Two people who stayed in bad marriages only until something that seemed better came along do not have a strong chance of making it as a couple. Each of you needs to grow up, a lot. Commit to being single--if your marriage ends--for at least a couple of years, to get to know yourself, to give yourself the time and energy to focus on your kids b/c they will need it. You cannot even imagine how much they will benefit from having you, clear-eyed and focused and no longer in an unsatisfactory marriage--fully engaged in their lives. 

Be prepared b/c nothing will feel more "wrong" than parting from your old flame. It just "feels" so right, correct? So do a lot of things that are really, really bad ideas. You cannot depend on your feelings for this. Accept that you have contributed much to your own unhappiness (by tolerating a less-than-satisfactory marriage and not doing anything about it for solong). Accept that you need to go through a lot of steps to get clear on anything, b/c you've allowed this affair to cloud your judgment. 
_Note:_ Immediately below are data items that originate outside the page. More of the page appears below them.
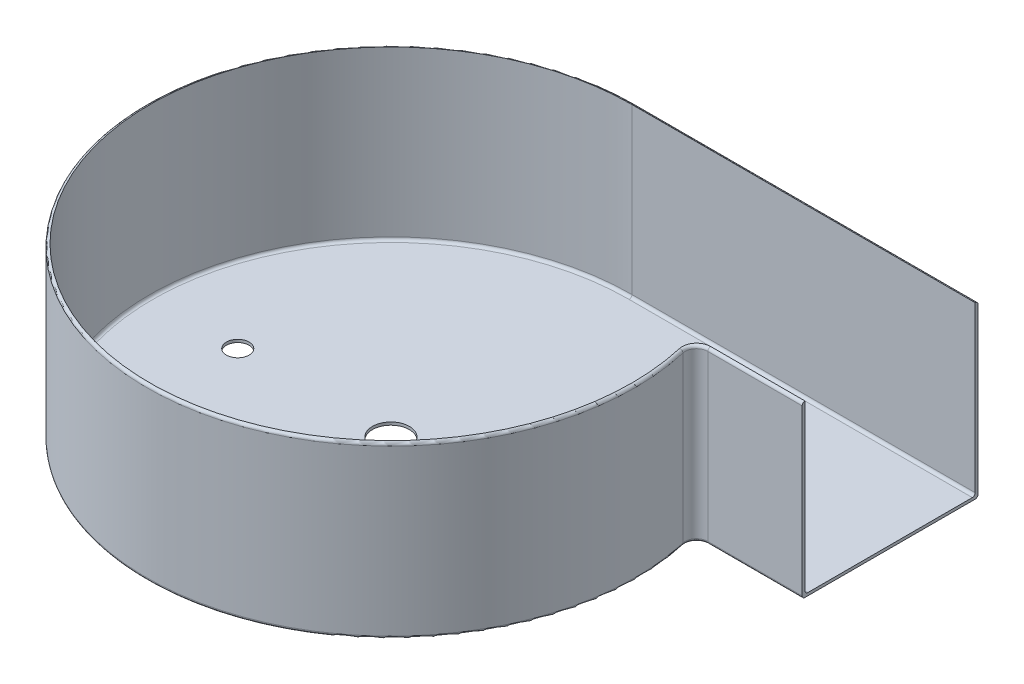
ISO-10303-21;
HEADER;
FILE_DESCRIPTION(('STEP AP214'),'2;1');
FILE_NAME('part.step','',(''),(''),'','','');
FILE_SCHEMA(('AUTOMOTIVE_DESIGN { 1 0 10303 214 1 1 1 1 }'));
ENDSEC;
DATA;
#1=APPLICATION_CONTEXT('core data for automotive mechanical design processes');
#2=APPLICATION_PROTOCOL_DEFINITION('international standard','automotive_design',2000,#1);
#3=PRODUCT_CONTEXT('',#1,'mechanical');
#4=PRODUCT('Part','Part','',(#3));
#5=PRODUCT_RELATED_PRODUCT_CATEGORY('part','',(#4));
#6=PRODUCT_DEFINITION_FORMATION('','',#4);
#7=PRODUCT_DEFINITION_CONTEXT('part definition',#1,'design');
#8=PRODUCT_DEFINITION('design','',#6,#7);
#9=PRODUCT_DEFINITION_SHAPE('','',#8);
#10=(LENGTH_UNIT() NAMED_UNIT(*) SI_UNIT(.MILLI.,.METRE.));
#11=(NAMED_UNIT(*) PLANE_ANGLE_UNIT() SI_UNIT($,.RADIAN.));
#12=(NAMED_UNIT(*) SI_UNIT($,.STERADIAN.) SOLID_ANGLE_UNIT());
#13=UNCERTAINTY_MEASURE_WITH_UNIT(LENGTH_MEASURE(1.E-05),#10,'distance_accuracy_value','');
#14=(GEOMETRIC_REPRESENTATION_CONTEXT(3) GLOBAL_UNCERTAINTY_ASSIGNED_CONTEXT((#13)) GLOBAL_UNIT_ASSIGNED_CONTEXT((#10,
#11,#12)) REPRESENTATION_CONTEXT('',''));
#15=CARTESIAN_POINT('',(0.,0.,0.));
#16=DIRECTION('',(0.,0.,1.));
#17=DIRECTION('',(1.,0.,0.));
#18=AXIS2_PLACEMENT_3D('',#15,#16,#17);
#19=CARTESIAN_POINT('',(121.,1.,0.));
#20=DIRECTION('',(-1.,0.,0.));
#21=DIRECTION('',(0.,0.,1.));
#22=AXIS2_PLACEMENT_3D('',#19,#20,#21);
#23=PLANE('',#22);
#24=DIRECTION('',(0.,0.,-1.));
#25=VECTOR('',#24,1.);
#26=CARTESIAN_POINT('',(121.,0.,0.));
#27=LINE('',#26,#25);
#28=CARTESIAN_POINT('',(121.,0.,-25.));
#29=VERTEX_POINT('',#28);
#30=CARTESIAN_POINT('',(121.,0.,-85.));
#31=VERTEX_POINT('',#30);
#32=EDGE_CURVE('E167',#29,#31,#27,.T.);
#33=ORIENTED_EDGE('',*,*,#32,.T.);
#34=CARTESIAN_POINT('',(121.,1.,-85.));
#35=DIRECTION('',(-1.,0.,0.));
#36=DIRECTION('',(0.,0.,1.));
#37=AXIS2_PLACEMENT_3D('',#34,#35,#36);
#38=CIRCLE('',#37,1.);
#39=CARTESIAN_POINT('',(121.,1.,-86.));
#40=VERTEX_POINT('',#39);
#41=EDGE_CURVE('E199',#31,#40,#38,.F.);
#42=ORIENTED_EDGE('',*,*,#41,.T.);
#43=DIRECTION('',(0.,-1.,0.));
#44=VECTOR('',#43,1.);
#45=CARTESIAN_POINT('',(121.,1.,-86.));
#46=LINE('',#45,#44);
#47=CARTESIAN_POINT('',(121.,59.,-86.));
#48=VERTEX_POINT('',#47);
#49=EDGE_CURVE('E312',#48,#40,#46,.T.);
#50=ORIENTED_EDGE('',*,*,#49,.F.);
#51=CARTESIAN_POINT('',(121.,59.,-85.));
#52=DIRECTION('',(-1.,0.,0.));
#53=DIRECTION('',(0.,0.,1.));
#54=AXIS2_PLACEMENT_3D('',#51,#52,#53);
#55=CIRCLE('',#54,1.);
#56=CARTESIAN_POINT('',(121.,60.,-85.));
#57=VERTEX_POINT('',#56);
#58=EDGE_CURVE('E184',#48,#57,#55,.F.);
#59=ORIENTED_EDGE('',*,*,#58,.T.);
#60=DIRECTION('',(0.,-1.,0.));
#61=VECTOR('',#60,1.);
#62=CARTESIAN_POINT('',(121.,60.,-85.));
#63=LINE('',#62,#61);
#64=CARTESIAN_POINT('',(121.,2.,-85.));
#65=VERTEX_POINT('',#64);
#66=EDGE_CURVE('E655',#57,#65,#63,.T.);
#67=ORIENTED_EDGE('',*,*,#66,.T.);
#68=CARTESIAN_POINT('',(121.,2.,-84.));
#69=DIRECTION('',(-1.,0.,0.));
#70=DIRECTION('',(0.,0.,1.));
#71=AXIS2_PLACEMENT_3D('',#68,#69,#70);
#72=CIRCLE('',#71,1.);
#73=CARTESIAN_POINT('',(121.,1.,-84.));
#74=VERTEX_POINT('',#73);
#75=EDGE_CURVE('E11',#65,#74,#72,.T.);
#76=ORIENTED_EDGE('',*,*,#75,.T.);
#77=DIRECTION('',(0.,0.,-1.));
#78=VECTOR('',#77,1.);
#79=CARTESIAN_POINT('',(121.,1.,0.));
#80=LINE('',#79,#78);
#81=CARTESIAN_POINT('',(121.,1.,-26.));
#82=VERTEX_POINT('',#81);
#83=EDGE_CURVE('E349',#82,#74,#80,.T.);
#84=ORIENTED_EDGE('',*,*,#83,.F.);
#85=CARTESIAN_POINT('',(121.,2.,-26.));
#86=DIRECTION('',(-1.,0.,0.));
#87=DIRECTION('',(0.,0.,1.));
#88=AXIS2_PLACEMENT_3D('',#85,#86,#87);
#89=CIRCLE('',#88,1.);
#90=CARTESIAN_POINT('',(121.,2.,-25.));
#91=VERTEX_POINT('',#90);
#92=EDGE_CURVE('E55',#82,#91,#89,.T.);
#93=ORIENTED_EDGE('',*,*,#92,.T.);
#94=DIRECTION('',(0.,-1.,0.));
#95=VECTOR('',#94,1.);
#96=CARTESIAN_POINT('',(121.,60.,-25.));
#97=LINE('',#96,#95);
#98=CARTESIAN_POINT('',(121.,60.,-25.));
#99=VERTEX_POINT('',#98);
#100=EDGE_CURVE('E154',#99,#91,#97,.T.);
#101=ORIENTED_EDGE('',*,*,#100,.F.);
#102=CARTESIAN_POINT('',(121.,59.,-25.));
#103=DIRECTION('',(-1.,0.,0.));
#104=DIRECTION('',(0.,0.,1.));
#105=AXIS2_PLACEMENT_3D('',#102,#103,#104);
#106=CIRCLE('',#105,1.);
#107=CARTESIAN_POINT('',(121.,59.,-24.));
#108=VERTEX_POINT('',#107);
#109=EDGE_CURVE('E159',#99,#108,#106,.F.);
#110=ORIENTED_EDGE('',*,*,#109,.T.);
#111=DIRECTION('',(0.,-1.,0.));
#112=VECTOR('',#111,1.);
#113=CARTESIAN_POINT('',(121.,1.,-24.));
#114=LINE('',#113,#112);
#115=CARTESIAN_POINT('',(121.,1.,-24.));
#116=VERTEX_POINT('',#115);
#117=EDGE_CURVE('E314',#108,#116,#114,.T.);
#118=ORIENTED_EDGE('',*,*,#117,.T.);
#119=CARTESIAN_POINT('',(121.,1.,-25.));
#120=DIRECTION('',(-1.,0.,0.));
#121=DIRECTION('',(0.,0.,1.));
#122=AXIS2_PLACEMENT_3D('',#119,#120,#121);
#123=CIRCLE('',#122,1.);
#124=EDGE_CURVE('E190',#116,#29,#123,.F.);
#125=ORIENTED_EDGE('',*,*,#124,.T.);
#126=EDGE_LOOP('',(#33,#42,#50,#59,#67,#76,#84,#93,#101,#110,#118,#125));
#127=FACE_BOUND('',#126,.T.);
#128=ADVANCED_FACE('F45',(#127),#23,.F.);
#129=CARTESIAN_POINT('',(0.,1.,-86.));
#130=DIRECTION('',(0.,0.,-1.));
#131=DIRECTION('',(-1.,0.,0.));
#132=AXIS2_PLACEMENT_3D('',#129,#130,#131);
#133=PLANE('',#132);
#134=ORIENTED_EDGE('',*,*,#49,.T.);
#135=DIRECTION('',(1.,0.,0.));
#136=VECTOR('',#135,1.);
#137=CARTESIAN_POINT('',(0.,1.,-86.));
#138=LINE('',#137,#136);
#139=CARTESIAN_POINT('',(0.,1.,-86.));
#140=VERTEX_POINT('',#139);
#141=EDGE_CURVE('E206',#40,#140,#138,.F.);
#142=ORIENTED_EDGE('',*,*,#141,.T.);
#143=DIRECTION('',(0.,-1.,0.));
#144=VECTOR('',#143,1.);
#145=CARTESIAN_POINT('',(0.,1.,-86.));
#146=LINE('',#145,#144);
#147=CARTESIAN_POINT('',(0.,59.,-86.));
#148=VERTEX_POINT('',#147);
#149=EDGE_CURVE('E307',#148,#140,#146,.T.);
#150=ORIENTED_EDGE('',*,*,#149,.F.);
#151=DIRECTION('',(1.,0.,0.));
#152=VECTOR('',#151,1.);
#153=CARTESIAN_POINT('',(0.,59.,-86.));
#154=LINE('',#153,#152);
#155=EDGE_CURVE('E202',#148,#48,#154,.T.);
#156=ORIENTED_EDGE('',*,*,#155,.T.);
#157=EDGE_LOOP('',(#134,#142,#150,#156));
#158=FACE_BOUND('',#157,.T.);
#159=ADVANCED_FACE('F371',(#158),#133,.T.);
#160=CARTESIAN_POINT('',(0.,1.,0.));
#161=DIRECTION('',(0.,-1.,0.));
#162=DIRECTION('',(0.,0.,-1.));
#163=AXIS2_PLACEMENT_3D('',#160,#161,#162);
#164=CYLINDRICAL_SURFACE('',#163,86.);
#165=ORIENTED_EDGE('',*,*,#149,.T.);
#166=CARTESIAN_POINT('',(0.,1.,0.));
#167=DIRECTION('',(0.,1.,0.));
#168=DIRECTION('',(0.,0.,1.));
#169=AXIS2_PLACEMENT_3D('',#166,#167,#168);
#170=CIRCLE('',#169,86.);
#171=CARTESIAN_POINT('',(83.849659701747,1.,-19.111111111111));
#172=VERTEX_POINT('',#171);
#173=EDGE_CURVE('E243',#140,#172,#170,.T.);
#174=ORIENTED_EDGE('',*,*,#173,.T.);
#175=DIRECTION('',(0.,-1.,0.));
#176=VECTOR('',#175,1.);
#177=CARTESIAN_POINT('',(83.849659701747,1.,-19.111111111111));
#178=LINE('',#177,#176);
#179=CARTESIAN_POINT('',(83.849659701747,59.,-19.111111111111));
#180=VERTEX_POINT('',#179);
#181=EDGE_CURVE('E297',#180,#172,#178,.T.);
#182=ORIENTED_EDGE('',*,*,#181,.F.);
#183=CARTESIAN_POINT('',(0.,59.,0.));
#184=DIRECTION('',(0.,1.,0.));
#185=DIRECTION('',(0.,0.,1.));
#186=AXIS2_PLACEMENT_3D('',#183,#184,#185);
#187=CIRCLE('',#186,86.);
#188=EDGE_CURVE('E240',#180,#148,#187,.F.);
#189=ORIENTED_EDGE('',*,*,#188,.T.);
#190=EDGE_LOOP('',(#165,#174,#182,#189));
#191=FACE_BOUND('',#190,.T.);
#192=ADVANCED_FACE('F303',(#191),#164,.T.);
#193=CARTESIAN_POINT('',(87.7496438739212,1.,-20.));
#194=DIRECTION('',(0.,-1.,0.));
#195=DIRECTION('',(0.,0.,-1.));
#196=AXIS2_PLACEMENT_3D('',#193,#194,#195);
#197=CYLINDRICAL_SURFACE('',#196,4.00000000000001);
#198=ORIENTED_EDGE('',*,*,#181,.T.);
#199=CARTESIAN_POINT('',(87.7496438739212,1.,-20.));
#200=DIRECTION('',(0.,1.,0.));
#201=DIRECTION('',(0.,0.,1.));
#202=AXIS2_PLACEMENT_3D('',#199,#200,#201);
#203=CIRCLE('',#202,4.00000000000001);
#204=CARTESIAN_POINT('',(87.7496438739212,1.,-24.));
#205=VERTEX_POINT('',#204);
#206=EDGE_CURVE('E217',#172,#205,#203,.F.);
#207=ORIENTED_EDGE('',*,*,#206,.T.);
#208=DIRECTION('',(0.,-1.,0.));
#209=VECTOR('',#208,1.);
#210=CARTESIAN_POINT('',(87.7496438739212,1.,-24.));
#211=LINE('',#210,#209);
#212=CARTESIAN_POINT('',(87.7496438739212,59.,-24.));
#213=VERTEX_POINT('',#212);
#214=EDGE_CURVE('E300',#213,#205,#211,.T.);
#215=ORIENTED_EDGE('',*,*,#214,.F.);
#216=CARTESIAN_POINT('',(87.7496438739212,59.,-20.));
#217=DIRECTION('',(0.,1.,0.));
#218=DIRECTION('',(0.,0.,1.));
#219=AXIS2_PLACEMENT_3D('',#216,#217,#218);
#220=CIRCLE('',#219,4.00000000000001);
#221=EDGE_CURVE('E214',#213,#180,#220,.T.);
#222=ORIENTED_EDGE('',*,*,#221,.T.);
#223=EDGE_LOOP('',(#198,#207,#215,#222));
#224=FACE_BOUND('',#223,.T.);
#225=ADVANCED_FACE('F296',(#224),#197,.F.);
#226=CARTESIAN_POINT('',(0.,1.,-24.));
#227=DIRECTION('',(0.,0.,1.));
#228=DIRECTION('',(1.,0.,0.));
#229=AXIS2_PLACEMENT_3D('',#226,#227,#228);
#230=PLANE('',#229);
#231=ORIENTED_EDGE('',*,*,#214,.T.);
#232=DIRECTION('',(-1.,0.,0.));
#233=VECTOR('',#232,1.);
#234=CARTESIAN_POINT('',(121.,1.,-24.));
#235=LINE('',#234,#233);
#236=EDGE_CURVE('E211',#205,#116,#235,.F.);
#237=ORIENTED_EDGE('',*,*,#236,.T.);
#238=ORIENTED_EDGE('',*,*,#117,.F.);
#239=DIRECTION('',(-1.,0.,0.));
#240=VECTOR('',#239,1.);
#241=CARTESIAN_POINT('',(0.,59.,-24.));
#242=LINE('',#241,#240);
#243=EDGE_CURVE('E182',#108,#213,#242,.T.);
#244=ORIENTED_EDGE('',*,*,#243,.T.);
#245=EDGE_LOOP('',(#231,#237,#238,#244));
#246=FACE_BOUND('',#245,.T.);
#247=ADVANCED_FACE('F358',(#246),#230,.T.);
#248=CARTESIAN_POINT('',(0.,1.,0.));
#249=DIRECTION('',(0.,1.,0.));
#250=DIRECTION('',(0.,0.,1.));
#251=AXIS2_PLACEMENT_3D('',#248,#249,#250);
#252=PLANE('',#251);
#253=CARTESIAN_POINT('',(-54.,1.,0.));
#254=DIRECTION('',(0.,1.,0.));
#255=DIRECTION('',(0.,0.,1.));
#256=AXIS2_PLACEMENT_3D('',#253,#254,#255);
#257=CIRCLE('',#256,4.00000000000001);
#258=CARTESIAN_POINT('',(-54.,1.,4.00000000000001));
#259=VERTEX_POINT('',#258);
#260=EDGE_CURVE('E278',#259,#259,#257,.F.);
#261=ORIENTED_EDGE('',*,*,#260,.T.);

And, while it is easy to say that being young and immature drove you apart 12 years ago, remember that what you feel now is a reflection of the memory of your good times back then, an escape from the present into the past. Your tolerance for the marriages is the biggest sign that you are not ready to commit to anyone new--you need to address those issues in yourselves. Let go of each other and face your commitments and realities. Too much is at stake to do otherwise.


----------



## major misfit (Oct 17, 2010)

:iagree:


----------